» Your instructions
Your answer must be the lines from the first record through the line that contains "#30=CARTESIAN_POINT('',(2.286,12.7,-15.7398333107177));", copied exactly and without any pictures.

Segment Open

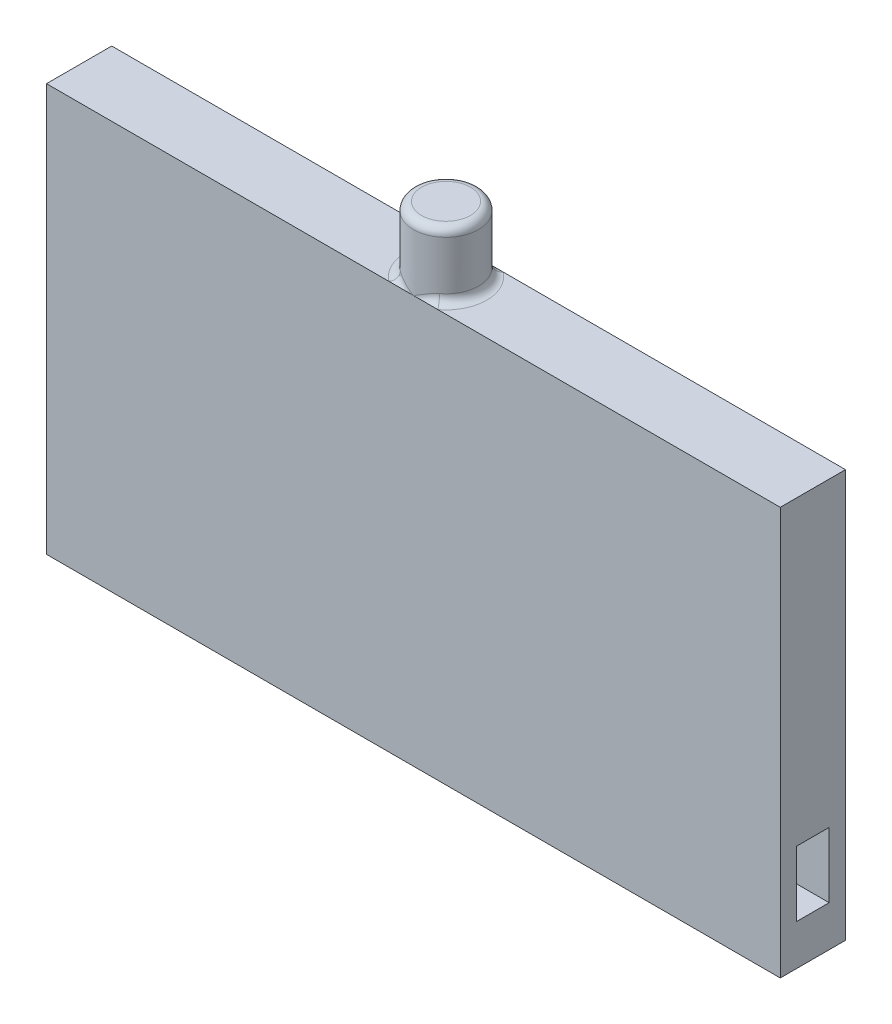
ISO-10303-21;
HEADER;
FILE_DESCRIPTION(('STEP AP214'),'2;1');
FILE_NAME('part.step','',(''),(''),'','','');
FILE_SCHEMA(('AUTOMOTIVE_DESIGN { 1 0 10303 214 1 1 1 1 }'));
ENDSEC;
DATA;
#1=APPLICATION_CONTEXT('core data for automotive mechanical design processes');
#2=APPLICATION_PROTOCOL_DEFINITION('international standard','automotive_design',2000,#1);
#3=PRODUCT_CONTEXT('',#1,'mechanical');
#4=PRODUCT('Part','Part','',(#3));
#5=PRODUCT_RELATED_PRODUCT_CATEGORY('part','',(#4));
#6=PRODUCT_DEFINITION_FORMATION('','',#4);
#7=PRODUCT_DEFINITION_CONTEXT('part definition',#1,'design');
#8=PRODUCT_DEFINITION('design','',#6,#7);
#9=PRODUCT_DEFINITION_SHAPE('','',#8);
#10=(LENGTH_UNIT() NAMED_UNIT(*) SI_UNIT(.MILLI.,.METRE.));
#11=(NAMED_UNIT(*) PLANE_ANGLE_UNIT() SI_UNIT($,.RADIAN.));
#12=(NAMED_UNIT(*) SI_UNIT($,.STERADIAN.) SOLID_ANGLE_UNIT());
#13=UNCERTAINTY_MEASURE_WITH_UNIT(LENGTH_MEASURE(1.E-05),#10,'distance_accuracy_value','');
#14=(GEOMETRIC_REPRESENTATION_CONTEXT(3) GLOBAL_UNCERTAINTY_ASSIGNED_CONTEXT((#13)) GLOBAL_UNIT_ASSIGNED_CONTEXT((#10,
#11,#12)) REPRESENTATION_CONTEXT('',''));
#15=CARTESIAN_POINT('',(0.,0.,0.));
#16=DIRECTION('',(0.,0.,1.));
#17=DIRECTION('',(1.,0.,0.));
#18=AXIS2_PLACEMENT_3D('',#15,#16,#17);
#19=CARTESIAN_POINT('',(0.,12.7,0.));
#20=DIRECTION('',(0.,-1.,0.));
#21=DIRECTION('',(0.,0.,-1.));
#22=AXIS2_PLACEMENT_3D('',#19,#20,#21);
#23=PLANE('',#22);
#24=DIRECTION('',(-1.,0.,0.));
#25=VECTOR('',#24,1.);
#26=CARTESIAN_POINT('',(-9.906,12.7,-15.7398333107177));
#27=LINE('',#26,#25);
#28=CARTESIAN_POINT('',(12.954,12.7,-15.7398333107177));
#29=VERTEX_POINT('',#28);
#30=CARTESIAN_POINT('',(2.286,12.7,-15.7398333107177));
#31=VERTEX_POINT('',#30);
#32=EDGE_CURVE('E192',#29,#31,#27,.T.);
#33=ORIENTED_EDGE('',*,*,#32,.T.);
#34=CARTESIAN_POINT('',(1.524,12.7,-14.7238333107177));
#35=DIRECTION('',(0.,-1.,0.));
#36=DIRECTION('',(0.,0.,-1.));
#37=AXIS2_PLACEMENT_3D('',#34,#35,#36);
#38=CIRCLE('',#37,1.27);
#39=CARTESIAN_POINT('',(2.286,12.7,-13.7078333107177));
#40=VERTEX_POINT('',#39);
#41=EDGE_CURVE('E11',#31,#40,#38,.T.);
#42=ORIENTED_EDGE('',*,*,#41,.T.);
#43=DIRECTION('',(1.,0.,0.));
#44=VECTOR('',#43,1.);
#45=CARTESIAN_POINT('',(-9.906,12.7,-13.7078333107177));
#46=LINE('',#45,#44);
#47=CARTESIAN_POINT('',(12.954,12.7,-13.7078333107177));
#48=VERTEX_POINT('',#47);
#49=EDGE_CURVE('E182',#40,#48,#46,.T.);
#50=ORIENTED_EDGE('',*,*,#49,.T.);
#51=DIRECTION('',(0.,0.,-1.));
#52=VECTOR('',#51,1.);
#53=CARTESIAN_POINT('',(12.954,12.7,-13.7078333107177));
#54=LINE('',#53,#52);
#55=EDGE_CURVE('E187',#48,#29,#54,.T.);
#56=ORIENTED_EDGE('',*,*,#55,.T.);
#57=EDGE_LOOP('',(#33,#42,#50,#56));
#58=FACE_BOUND('',#57,.T.);
#59=ADVANCED_FACE('F38',(#58),#23,.F.);
#60=CARTESIAN_POINT('',(-9.906,12.7,-13.7078333107177));
#61=DIRECTION('',(1.,0.,0.));
#62=DIRECTION('',(0.,0.,-1.));
#63=AXIS2_PLACEMENT_3D('',#60,#61,#62);
#64=PLANE('',#63);
#65=DIRECTION('',(0.,0.,1.));
#66=VECTOR('',#65,1.);
#67=CARTESIAN_POINT('',(-9.906,0.,-13.7078333107177));
#68=LINE('',#67,#66);
#69=CARTESIAN_POINT('',(-9.906,0.,-15.7398333107177));
#70=VERTEX_POINT('',#69);
#71=CARTESIAN_POINT('',(-9.906,0.,-13.7078333107177));
#72=VERTEX_POINT('',#71);
#73=EDGE_CURVE('E196',#70,#72,#68,.T.);
#74=ORIENTED_EDGE('',*,*,#73,.T.);
#75=DIRECTION('',(0.,-1.,0.));
#76=VECTOR('',#75,1.);
#77=CARTESIAN_POINT('',(-9.906,12.7,-13.7078333107177));
#78=LINE('',#77,#76);
#79=CARTESIAN_POINT('',(-9.906,12.7,-13.7078333107177));
#80=VERTEX_POINT('',#79);
#81=EDGE_CURVE('E213',#80,#72,#78,.T.);
#82=ORIENTED_EDGE('',*,*,#81,.F.);
#83=DIRECTION('',(0.,0.,1.));
#84=VECTOR('',#83,1.);
#85=CARTESIAN_POINT('',(-9.906,12.7,-13.7078333107177));
#86=LINE('',#85,#84);
#87=CARTESIAN_POINT('',(-9.906,12.7,-15.7398333107177));
#88=VERTEX_POINT('',#87);
#89=EDGE_CURVE('E179',#88,#80,#86,.T.);
#90=ORIENTED_EDGE('',*,*,#89,.F.);
#91=DIRECTION('',(0.,-1.,0.));
#92=VECTOR('',#91,1.);
#93=CARTESIAN_POINT('',(-9.906,12.7,-15.7398333107177));
#94=LINE('',#93,#92);
#95=EDGE_CURVE('E194',#88,#70,#94,.T.);
#96=ORIENTED_EDGE('',*,*,#95,.T.);
#97=EDGE_LOOP('',(#74,#82,#90,#96));
#98=FACE_BOUND('',#97,.T.);
#99=ADVANCED_FACE('F290',(#98),#64,.F.);
#100=CARTESIAN_POINT('',(-9.906,12.7,-13.7078333107177));
#101=DIRECTION('',(0.,0.,-1.));
#102=DIRECTION('',(-1.,0.,0.));
#103=AXIS2_PLACEMENT_3D('',#100,#101,#102);
#104=PLANE('',#103);
#105=DIRECTION('',(1.,0.,0.));
#106=VECTOR('',#105,1.);
#107=CARTESIAN_POINT('',(-9.906,0.,-13.7078333107177));
#108=LINE('',#107,#106);
#109=CARTESIAN_POINT('',(12.954,0.,-13.7078333107177));
#110=VERTEX_POINT('',#109);
#111=EDGE_CURVE('E199',#72,#110,#108,.T.);
#112=ORIENTED_EDGE('',*,*,#111,.T.);
#113=DIRECTION('',(0.,-1.,0.));
#114=VECTOR('',#113,1.);
#115=CARTESIAN_POINT('',(12.954,12.7,-13.7078333107177));
#116=LINE('',#115,#114);
#117=EDGE_CURVE('E210',#48,#110,#116,.T.);
#118=ORIENTED_EDGE('',*,*,#117,.F.);
#119=ORIENTED_EDGE('',*,*,#49,.F.);
#120=CARTESIAN_POINT('',(1.524,12.7,-13.7078333107177));
#121=VERTEX_POINT('',#120);
#122=EDGE_CURVE('E189',#121,#40,#46,.T.);
#123=ORIENTED_EDGE('',*,*,#122,.F.);
#124=CARTESIAN_POINT('',(0.762000000000002,12.7,-13.7078333107177));
#125=VERTEX_POINT('',#124);
#126=EDGE_CURVE('E188',#125,#121,#46,.T.);
#127=ORIENTED_EDGE('',*,*,#126,.F.);
#128=EDGE_CURVE('E184',#80,#125,#46,.T.);
#129=ORIENTED_EDGE('',*,*,#128,.F.);
#130=ORIENTED_EDGE('',*,*,#81,.T.);
#131=EDGE_LOOP('',(#112,#118,#119,#123,#127,#129,#130));
#132=FACE_BOUND('',#131,.T.);
#133=ADVANCED_FACE('F286',(#132),#104,.F.);
#134=CARTESIAN_POINT('',(12.954,12.7,-13.7078333107177));
#135=DIRECTION('',(-1.,0.,0.));
#136=DIRECTION('',(0.,0.,1.));
#137=AXIS2_PLACEMENT_3D('',#134,#135,#136);
#138=PLANE('',#137);
#139=DIRECTION('',(0.,0.,-1.));
#140=VECTOR('',#139,1.);
#141=CARTESIAN_POINT('',(12.954,1.27,-14.2158333107177));
#142=LINE('',#141,#140);
#143=CARTESIAN_POINT('',(12.954,1.27,-14.2158333107177));
#144=VERTEX_POINT('',#143);
#145=CARTESIAN_POINT('',(12.954,1.27,-15.2318333107177));
#146=VERTEX_POINT('',#145);
#147=EDGE_CURVE('E169',#144,#146,#142,.T.);
#148=ORIENTED_EDGE('',*,*,#147,.F.);
#149=DIRECTION('',(0.,-1.,0.));
#150=VECTOR('',#149,1.);
#151=CARTESIAN_POINT('',(12.954,1.27,-14.2158333107177));
#152=LINE('',#151,#150);
#153=CARTESIAN_POINT('',(12.954,3.302,-14.2158333107177));
#154=VERTEX_POINT('',#153);
#155=EDGE_CURVE('E59',#154,#144,#152,.T.);
#156=ORIENTED_EDGE('',*,*,#155,.F.);
#157=DIRECTION('',(0.,0.,1.));
#158=VECTOR('',#157,1.);
#159=CARTESIAN_POINT('',(12.954,3.302,-14.2158333107177));
#160=LINE('',#159,#158);
#161=CARTESIAN_POINT('',(12.954,3.302,-15.2318333107177));
#162=VERTEX_POINT('',#161);
#163=EDGE_CURVE('E160',#162,#154,#160,.T.);
#164=ORIENTED_EDGE('',*,*,#163,.F.);
#165=DIRECTION('',(0.,1.,0.));
#166=VECTOR('',#165,1.);
#167=CARTESIAN_POINT('',(12.954,1.27,-15.2318333107177));
#168=LINE('',#167,#166);
#169=EDGE_CURVE('E163',#146,#162,#168,.T.);
#170=ORIENTED_EDGE('',*,*,#169,.F.);
#171=EDGE_LOOP('',(#148,#156,#164,#170));
#172=FACE_BOUND('',#171,.T.);
#173=DIRECTION('',(0.,0.,-1.));
#174=VECTOR('',#173,1.);
#175=CARTESIAN_POINT('',(12.954,0.,-13.7078333107177));
#176=LINE('',#175,#174);
#177=CARTESIAN_POINT('',(12.954,0.,-15.7398333107177));
#178=VERTEX_POINT('',#177);
#179=EDGE_CURVE('E202',#110,#178,#176,.T.);
#180=ORIENTED_EDGE('',*,*,#179,.T.);
#181=DIRECTION('',(0.,-1.,0.));
#182=VECTOR('',#181,1.);
#183=CARTESIAN_POINT('',(12.954,12.7,-15.7398333107177));
#184=LINE('',#183,#182);
#185=EDGE_CURVE('E207',#29,#178,#184,.T.);
#186=ORIENTED_EDGE('',*,*,#185,.F.);
#187=ORIENTED_EDGE('',*,*,#55,.F.);
#188=ORIENTED_EDGE('',*,*,#117,.T.);
#189=EDGE_LOOP('',(#180,#186,#187,#188));
#190=FACE_BOUND('',#189,.T.);
#191=ADVANCED_FACE('F289',(#172,#190),#138,.F.);
#192=CARTESIAN_POINT('',(-9.906,12.7,-15.7398333107177));
#193=DIRECTION('',(0.,0.,1.));
#194=DIRECTION('',(1.,0.,0.));
#195=AXIS2_PLACEMENT_3D('',#192,#193,#194);
#196=PLANE('',#195);
#197=DIRECTION('',(-1.,0.,0.));
#198=VECTOR('',#197,1.);
#199=CARTESIAN_POINT('',(-9.906,0.,-15.7398333107177));
#200=LINE('',#199,#198);
#201=EDGE_CURVE('E183',#178,#70,#200,.T.);
#202=ORIENTED_EDGE('',*,*,#201,.T.);
#203=ORIENTED_EDGE('',*,*,#95,.F.);
#204=CARTESIAN_POINT('',(0.762000000000002,12.7,-15.7398333107177));
#205=VERTEX_POINT('',#204);
#206=EDGE_CURVE('E191',#205,#88,#27,.T.);
#207=ORIENTED_EDGE('',*,*,#206,.F.);
#208=CARTESIAN_POINT('',(1.524,12.7,-15.7398333107177));
#209=VERTEX_POINT('',#208);
#210=EDGE_CURVE('E195',#209,#205,#27,.T.);
#211=ORIENTED_EDGE('',*,*,#210,.F.);
#212=EDGE_CURVE('E67',#31,#209,#27,.T.);
#213=ORIENTED_EDGE('',*,*,#212,.F.);
#214=ORIENTED_EDGE('',*,*,#32,.F.);
#215=ORIENTED_EDGE('',*,*,#185,.T.);
#216=EDGE_LOOP('',(#202,#203,#207,#211,#213,#214,#215));
#217=FACE_BOUND('',#216,.T.);
#218=ADVANCED_FACE('F260',(#217),#196,.F.);
#219=ORIENTED_EDGE('',*,*,#128,.T.);
#220=CARTESIAN_POINT('',(1.524,12.7,-14.7238333107177));
#221=DIRECTION('',(0.,-1.,0.));
#222=DIRECTION('',(0.,0.,-1.));
#223=AXIS2_PLACEMENT_3D('',#220,#221,#222);
#224=CIRCLE('',#223,1.27);
#225=EDGE_CURVE('E51',#125,#205,#224,.T.);
#226=ORIENTED_EDGE('',*,*,#225,.T.);
#227=ORIENTED_EDGE('',*,*,#206,.T.);
#228=ORIENTED_EDGE('',*,*,#89,.T.);
#229=EDGE_LOOP('',(#219,#226,#227,#228));
#230=FACE_BOUND('',#229,.T.);
#231=ADVANCED_FACE('F257',(#230),#23,.F.);
#232=CARTESIAN_POINT('',(0.,0.,0.));
#233=DIRECTION('',(0.,-1.,0.));
#234=DIRECTION('',(0.,0.,-1.));
#235=AXIS2_PLACEMENT_3D('',#232,#233,#234);
#236=PLANE('',#235);
#237=ORIENTED_EDGE('',*,*,#73,.F.);
#238=ORIENTED_EDGE('',*,*,#201,.F.);
#239=ORIENTED_EDGE('',*,*,#179,.F.);
#240=ORIENTED_EDGE('',*,*,#111,.F.);
#241=EDGE_LOOP('',(#237,#238,#239,#240));
#242=FACE_BOUND('',#241,.T.);
#243=ADVANCED_FACE('F382',(#242),#236,.T.);
#244=CARTESIAN_POINT('',(1.524,14.732,-14.7238333107177));
#245=DIRECTION('',(0.,-1.,0.));
#246=DIRECTION('',(0.,0.,-1.));
#247=AXIS2_PLACEMENT_3D('',#244,#245,#246);
#248=CYLINDRICAL_SURFACE('',#247,1.016);
#249=CARTESIAN_POINT('',(1.524,14.478,-14.7238333107177));
#250=DIRECTION('',(0.,1.,0.));
#251=DIRECTION('',(0.,0.,1.));
#252=AXIS2_PLACEMENT_3D('',#249,#250,#251);
#253=CIRCLE('',#252,1.016);
#254=CARTESIAN_POINT('',(1.524,14.478,-13.7078333107177));
#255=VERTEX_POINT('',#254);
#256=EDGE_CURVE('E219',#255,#255,#253,.F.);
#257=ORIENTED_EDGE('',*,*,#256,.T.);
#258=EDGE_LOOP('',(#257));
#259=FACE_BOUND('',#258,.T.);
#260=CARTESIAN_POINT('',(2.22999399919304,12.9323092693618,-15.4544689744403));
#261=CARTESIAN_POINT('',(2.15762912961619,12.6047525616474,-15.5243932420477));
#262=CARTESIAN_POINT('',(2.4064924989913,12.7,-15.7398333107177));
#263=CARTESIAN_POINT('',(2.21539070176302,12.9400643662147,-15.4686076936029));
#264=CARTESIAN_POINT('',(2.16013043971291,12.6217760831303,-15.5193105706868));
#265=CARTESIAN_POINT('',(2.38823837720513,12.7,-15.7398333107177));
#266=CARTESIAN_POINT('',(2.20002251066382,12.9454546331779,-15.4825825451088));
#267=CARTESIAN_POINT('',(2.15898944492113,12.6391526553524,-15.5187327865888));
#268=CARTESIAN_POINT('',(2.36902813833045,12.7,-15.7398333107177));
#269=CARTESIAN_POINT('',(2.16829395448067,12.9523528845866,-15.5096839311462));
#270=CARTESIAN_POINT('',(2.1506264079769,12.6710582418321,-15.5237704354303));
#271=CARTESIAN_POINT('',(2.32936744310018,12.7,-15.7398333107177));
#272=CARTESIAN_POINT('',(2.15194579597119,12.9539013090713,-15.5228178720088));
#273=CARTESIAN_POINT('',(2.14378702017022,12.685768224025,-15.5289959824419));
#274=CARTESIAN_POINT('',(2.30893224496265,12.7,-15.7398333107177));
#275=CARTESIAN_POINT('',(2.10900747699933,12.9541429622308,-15.5551591211067));
#276=CARTESIAN_POINT('',(2.12080212618187,12.7179163845327,-15.5462268347036));
#277=CARTESIAN_POINT('',(2.25525934625124,12.7,-15.7398333107177));
#278=CARTESIAN_POINT('',(2.0818524305337,12.9507269739582,-15.573601893695));
#279=CARTESIAN_POINT('',(2.10163664566155,12.7335982565379,-15.5603817747969));
#280=CARTESIAN_POINT('',(2.22131553817615,12.7,-15.7398333107177));
#281=CARTESIAN_POINT('',(2.02626390275384,12.939025664532,-15.607609498478));
#282=CARTESIAN_POINT('',(2.05682597770893,12.75617974827,-15.5899736995301));
#283=CARTESIAN_POINT('',(2.15182987843322,12.7,-15.7398333107177));
#284=CARTESIAN_POINT('',(1.99782272973763,12.9307060312762,-15.6231530248784));
#285=CARTESIAN_POINT('',(2.03128975608147,12.7636517012701,-15.605494761524));
#286=CARTESIAN_POINT('',(2.11627841213767,12.7,-15.7398333107177));
#287=CARTESIAN_POINT('',(1.92328672816379,12.904866876462,-15.6594677944974));
#288=CARTESIAN_POINT('',(1.9614353813307,12.774387062972,-15.6428992688062));
#289=CARTESIAN_POINT('',(2.02310841025931,12.7,-15.7398333107177));
#290=CARTESIAN_POINT('',(1.87663894934852,12.8848140642996,-15.6779437854235));
#291=CARTESIAN_POINT('',(1.91305433596181,12.7738815954522,-15.6646704824849));
#292=CARTESIAN_POINT('',(1.96479868694514,12.7,-15.7398333107177));
#293=CARTESIAN_POINT('',(1.78258626727586,12.8402683605976,-15.7076154347474));
#294=CARTESIAN_POINT('',(1.81312650696352,12.7638351499827,-15.6996887709867));
#295=CARTESIAN_POINT('',(1.84723283436228,12.7,-15.7398333107177));
#296=CARTESIAN_POINT('',(1.73518191506025,12.8157785771441,-15.718816164421));
#297=CARTESIAN_POINT('',(1.76064846188578,12.7545968557819,-15.7137001602763));
#298=CARTESIAN_POINT('',(1.78797739389608,12.7,-15.7398333107177));
#299=CARTESIAN_POINT('',(1.63492660571583,12.7619811321778,-15.7351642232897));
#300=CARTESIAN_POINT('',(1.6495216086822,12.7311085861398,-15.733821241473));
#301=CARTESIAN_POINT('',(1.66265825706662,12.7,-15.7398333107177));
#302=CARTESIAN_POINT('',(1.58202795947278,12.7324377091468,-15.7395495368551));
#303=CARTESIAN_POINT('',(1.5893044812909,12.716222578597,-15.7394740322518));
#304=CARTESIAN_POINT('',(1.59653494933849,12.7,-15.7398333107177));
#305=CARTESIAN_POINT('',(1.52747000556191,12.7019397824138,-15.7398288607023));
#306=CARTESIAN_POINT('',(1.52790377917589,12.7009699098801,-15.7398278934925));
#307=CARTESIAN_POINT('',(1.52833750695247,12.7,-15.7398333107177));
#308=CARTESIAN_POINT('',(1.52573495587471,12.70096985959,-15.7398333042165));
#309=CARTESIAN_POINT('',(1.52595182230564,12.7004849426041,-15.7398334575026));
#310=CARTESIAN_POINT('',(1.52616869484347,12.7,-15.7398333107177));
#311=CARTESIAN_POINT('',(1.524,12.7,-15.7398333107177));
#312=CARTESIAN_POINT('',(1.524,12.7,-15.7398333107177));
#313=CARTESIAN_POINT('',(1.524,12.7,-15.7398333107177));
#314=(BOUNDED_SURFACE() B_SPLINE_SURFACE(3,2,((#260,#261,#262),(#263,#264,#265),(#266,#267,
#268),(#269,#270,#271),(#272,#273,#274),(#275,#276,#277),(#278,#279,#280),(#281,#282,#283),
(#284,#285,#286),(#287,#288,#289),(#290,#291,#292),(#293,#294,#295),(#296,#297,#298),(#299,#300,
#301),(#302,#303,#304),(#305,#306,#307),(#308,#309,#310),(#311,#312,#313)),.UNSPECIFIED.,.F.,
.F.,.F.) B_SPLINE_SURFACE_WITH_KNOTS((4,2,2,2,2,2,2,2,4),(3,3),(0.,0.0793252790118578,
0.157811952154223,0.280673172074431,0.404404464946702,0.600842987831006,0.797144434390673,
1.01412570681678,1.02125313817637),(0.,1.),
.UNSPECIFIED.) GEOMETRIC_REPRESENTATION_ITEM() RATIONAL_B_SPLINE_SURFACE(((1.,0.595490754317653,
1.),(1.,0.614138792536777,1.),(1.,0.632907033109889,1.),(1.,0.669779348387161,1.),(1.,
0.687888346908783,1.),(1.,0.73287636210131,1.),(1.,0.758925185024582,1.),(1.,0.807344062701329,
1.),(1.,0.829686758942298,1.),(1.,0.882140467793232,1.),(1.,0.909101389562458,1.),(1.,
0.952536676117571,1.),(1.,0.969018345376008,1.),(1.,0.993099717373105,1.),(1.,0.999580814566414,
1.),(1.,0.999993437605627,1.),(1.,0.999999998399152,1.),(1.,1.,1.))) REPRESENTATION_ITEM('') SURFACE());
#315=CARTESIAN_POINT('',(2.22999399919304,12.9323092693618,-15.4544689744403));
#316=CARTESIAN_POINT('',(2.21539070176302,12.9400643662147,-15.4686076936029));
#317=CARTESIAN_POINT('',(2.20002251066382,12.9454546331779,-15.4825825451088));
#318=CARTESIAN_POINT('',(2.16829395448067,12.9523528845866,-15.5096839311462));
#319=CARTESIAN_POINT('',(2.15194579597118,12.9539013090713,-15.5228178720088));
#320=CARTESIAN_POINT('',(2.10900747699933,12.9541429622308,-15.5551591211067));
#321=CARTESIAN_POINT('',(2.0818524305337,12.9507269739582,-15.573601893695));
#322=CARTESIAN_POINT('',(2.02626390275384,12.939025664532,-15.607609498478));
#323=CARTESIAN_POINT('',(1.99782272973763,12.9307060312762,-15.6231530248784));
#324=CARTESIAN_POINT('',(1.92328672816379,12.904866876462,-15.6594677944974));
#325=CARTESIAN_POINT('',(1.87663894934852,12.8848140642996,-15.6779437854235));
#326=CARTESIAN_POINT('',(1.78258626727586,12.8402683605976,-15.7076154347474));
#327=CARTESIAN_POINT('',(1.73518191506025,12.8157785771441,-15.718816164421));
#328=CARTESIAN_POINT('',(1.63492660571583,12.7619811321777,-15.7351642232897));
#329=CARTESIAN_POINT('',(1.58202795947279,12.7324377091468,-15.7395495368551));
#330=CARTESIAN_POINT('',(1.52747000556191,12.7019397824138,-15.7398288607023));
#331=CARTESIAN_POINT('',(1.5257349558747,12.70096985959,-15.7398333042165));
#332=CARTESIAN_POINT('',(1.524,12.7,-15.7398333107177));
#333=B_SPLINE_CURVE_WITH_KNOTS('',3,(#315,#316,#317,#318,#319,#320,#321,#322,#323,#324,#325,
#326,#327,#328,#329,#330,#331,#332),.UNSPECIFIED.,.F.,.F.,(4,2,2,2,2,2,2,2,4),(0.,
0.0793252790118578,0.157811952154223,0.280673172074431,0.404404464946702,0.600842987831006,
0.797144434390673,1.01412570681678,1.02125313817637),.UNSPECIFIED.);
#334=CARTESIAN_POINT('',(2.1336,12.954,-15.5366333107177));
#335=VERTEX_POINT('',#334);
#336=EDGE_CURVE('E222',#335,#209,#333,.T.);
#337=ORIENTED_EDGE('',*,*,#336,.T.);
#338=CARTESIAN_POINT('',(0.641507501008595,12.7,-15.7398333107177));
#339=CARTESIAN_POINT('',(0.890370870383829,12.6047525616473,-15.5243932420477));
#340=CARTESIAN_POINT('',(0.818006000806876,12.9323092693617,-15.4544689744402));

Segment Closed

» Result
ISO-10303-21;
HEADER;
FILE_DESCRIPTION(('STEP AP214'),'2;1');
FILE_NAME('part.step','',(''),(''),'','','');
FILE_SCHEMA(('AUTOMOTIVE_DESIGN { 1 0 10303 214 1 1 1 1 }'));
ENDSEC;
DATA;
#1=APPLICATION_CONTEXT('core data for automotive mechanical design processes');
#2=APPLICATION_PROTOCOL_DEFINITION('international standard','automotive_design',2000,#1);
#3=PRODUCT_CONTEXT('',#1,'mechanical');
#4=PRODUCT('Part','Part','',(#3));
#5=PRODUCT_RELATED_PRODUCT_CATEGORY('part','',(#4));
#6=PRODUCT_DEFINITION_FORMATION('','',#4);
#7=PRODUCT_DEFINITION_CONTEXT('part definition',#1,'design');
#8=PRODUCT_DEFINITION('design','',#6,#7);
#9=PRODUCT_DEFINITION_SHAPE('','',#8);
#10=(LENGTH_UNIT() NAMED_UNIT(*) SI_UNIT(.MILLI.,.METRE.));
#11=(NAMED_UNIT(*) PLANE_ANGLE_UNIT() SI_UNIT($,.RADIAN.));
#12=(NAMED_UNIT(*) SI_UNIT($,.STERADIAN.) SOLID_ANGLE_UNIT());
#13=UNCERTAINTY_MEASURE_WITH_UNIT(LENGTH_MEASURE(1.E-05),#10,'distance_accuracy_value','');
#14=(GEOMETRIC_REPRESENTATION_CONTEXT(3) GLOBAL_UNCERTAINTY_ASSIGNED_CONTEXT((#13)) GLOBAL_UNIT_ASSIGNED_CONTEXT((#10,
#11,#12)) REPRESENTATION_CONTEXT('',''));
#15=CARTESIAN_POINT('',(0.,0.,0.));
#16=DIRECTION('',(0.,0.,1.));
#17=DIRECTION('',(1.,0.,0.));
#18=AXIS2_PLACEMENT_3D('',#15,#16,#17);
#19=CARTESIAN_POINT('',(0.,12.7,0.));
#20=DIRECTION('',(0.,-1.,0.));
#21=DIRECTION('',(0.,0.,-1.));
#22=AXIS2_PLACEMENT_3D('',#19,#20,#21);
#23=PLANE('',#22);
#24=DIRECTION('',(-1.,0.,0.));
#25=VECTOR('',#24,1.);
#26=CARTESIAN_POINT('',(-9.906,12.7,-15.7398333107177));
#27=LINE('',#26,#25);
#28=CARTESIAN_POINT('',(12.954,12.7,-15.7398333107177));
#29=VERTEX_POINT('',#28);
#30=CARTESIAN_POINT('',(2.286,12.7,-15.7398333107177));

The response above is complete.